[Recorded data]
--------

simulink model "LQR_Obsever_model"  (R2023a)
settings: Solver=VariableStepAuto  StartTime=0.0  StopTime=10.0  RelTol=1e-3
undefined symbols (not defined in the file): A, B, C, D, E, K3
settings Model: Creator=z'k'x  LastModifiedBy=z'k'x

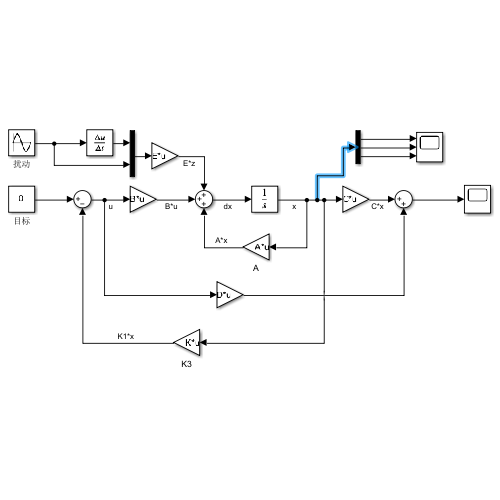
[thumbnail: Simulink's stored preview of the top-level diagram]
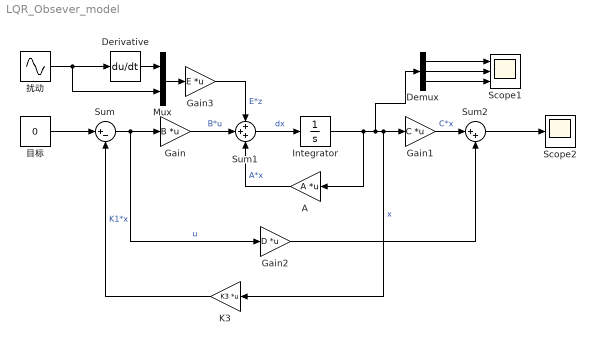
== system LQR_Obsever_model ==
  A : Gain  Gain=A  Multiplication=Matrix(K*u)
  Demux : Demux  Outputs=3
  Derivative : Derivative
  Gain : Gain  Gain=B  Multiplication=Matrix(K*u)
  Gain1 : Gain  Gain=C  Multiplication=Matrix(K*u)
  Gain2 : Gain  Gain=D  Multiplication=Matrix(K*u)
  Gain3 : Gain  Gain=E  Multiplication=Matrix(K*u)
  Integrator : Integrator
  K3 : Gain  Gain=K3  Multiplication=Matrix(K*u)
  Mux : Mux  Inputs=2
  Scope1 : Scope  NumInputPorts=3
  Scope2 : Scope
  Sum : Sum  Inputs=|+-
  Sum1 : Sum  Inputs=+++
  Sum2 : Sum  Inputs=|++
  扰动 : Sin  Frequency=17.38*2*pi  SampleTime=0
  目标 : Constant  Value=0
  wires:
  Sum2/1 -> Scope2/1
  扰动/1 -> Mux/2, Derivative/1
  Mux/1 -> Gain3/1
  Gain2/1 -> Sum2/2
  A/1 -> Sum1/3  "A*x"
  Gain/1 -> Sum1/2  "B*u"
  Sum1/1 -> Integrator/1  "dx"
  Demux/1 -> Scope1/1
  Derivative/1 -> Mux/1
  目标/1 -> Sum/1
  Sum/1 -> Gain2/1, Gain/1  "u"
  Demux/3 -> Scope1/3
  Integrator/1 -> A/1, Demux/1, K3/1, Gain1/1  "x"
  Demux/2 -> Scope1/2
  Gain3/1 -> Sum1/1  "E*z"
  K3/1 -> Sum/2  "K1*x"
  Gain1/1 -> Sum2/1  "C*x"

--------

### Exercise objective
Copy each entry exactly as written. Pictures do not belong in the copy.

### Reply
simulink model "LQR_Obsever_model"  (R2023a)
settings: Solver=VariableStepAuto  StartTime=0.0  StopTime=10.0  RelTol=1e-3
undefined symbols (not defined in the file): A, B, C, D, E, K3
settings Model: Creator=z'k'x  LastModifiedBy=z'k'x

[thumbnail: Simulink's stored preview of the top-level diagram]
== system LQR_Obsever_model ==
  A : Gain  Gain=A  Multiplication=Matrix(K*u)
  Demux : Demux  Outputs=3
  Derivative : Derivative
  Gain : Gain  Gain=B  Multiplication=Matrix(K*u)
  Gain1 : Gain  Gain=C  Multiplication=Matrix(K*u)
  Gain2 : Gain  Gain=D  Multiplication=Matrix(K*u)
  Gain3 : Gain  Gain=E  Multiplication=Matrix(K*u)
  Integrator : Integrator
  K3 : Gain  Gain=K3  Multiplication=Matrix(K*u)
  Mux : Mux  Inputs=2
  Scope1 : Scope  NumInputPorts=3
  Scope2 : Scope
  Sum : Sum  Inputs=|+-
  Sum1 : Sum  Inputs=+++
  Sum2 : Sum  Inputs=|++
  扰动 : Sin  Frequency=17.38*2*pi  SampleTime=0
  目标 : Constant  Value=0
  wires:
  Sum2/1 -> Scope2/1
  扰动/1 -> Mux/2, Derivative/1
  Mux/1 -> Gain3/1
  Gain2/1 -> Sum2/2
  A/1 -> Sum1/3  "A*x"
  Gain/1 -> Sum1/2  "B*u"
  Sum1/1 -> Integrator/1  "dx"
  Demux/1 -> Scope1/1
  Derivative/1 -> Mux/1
  目标/1 -> Sum/1
  Sum/1 -> Gain2/1, Gain/1  "u"
  Demux/3 -> Scope1/3
  Integrator/1 -> A/1, Demux/1, K3/1, Gain1/1  "x"
  Demux/2 -> Scope1/2
  Gain3/1 -> Sum1/1  "E*z"
  K3/1 -> Sum/2  "K1*x"
  Gain1/1 -> Sum2/1  "C*x"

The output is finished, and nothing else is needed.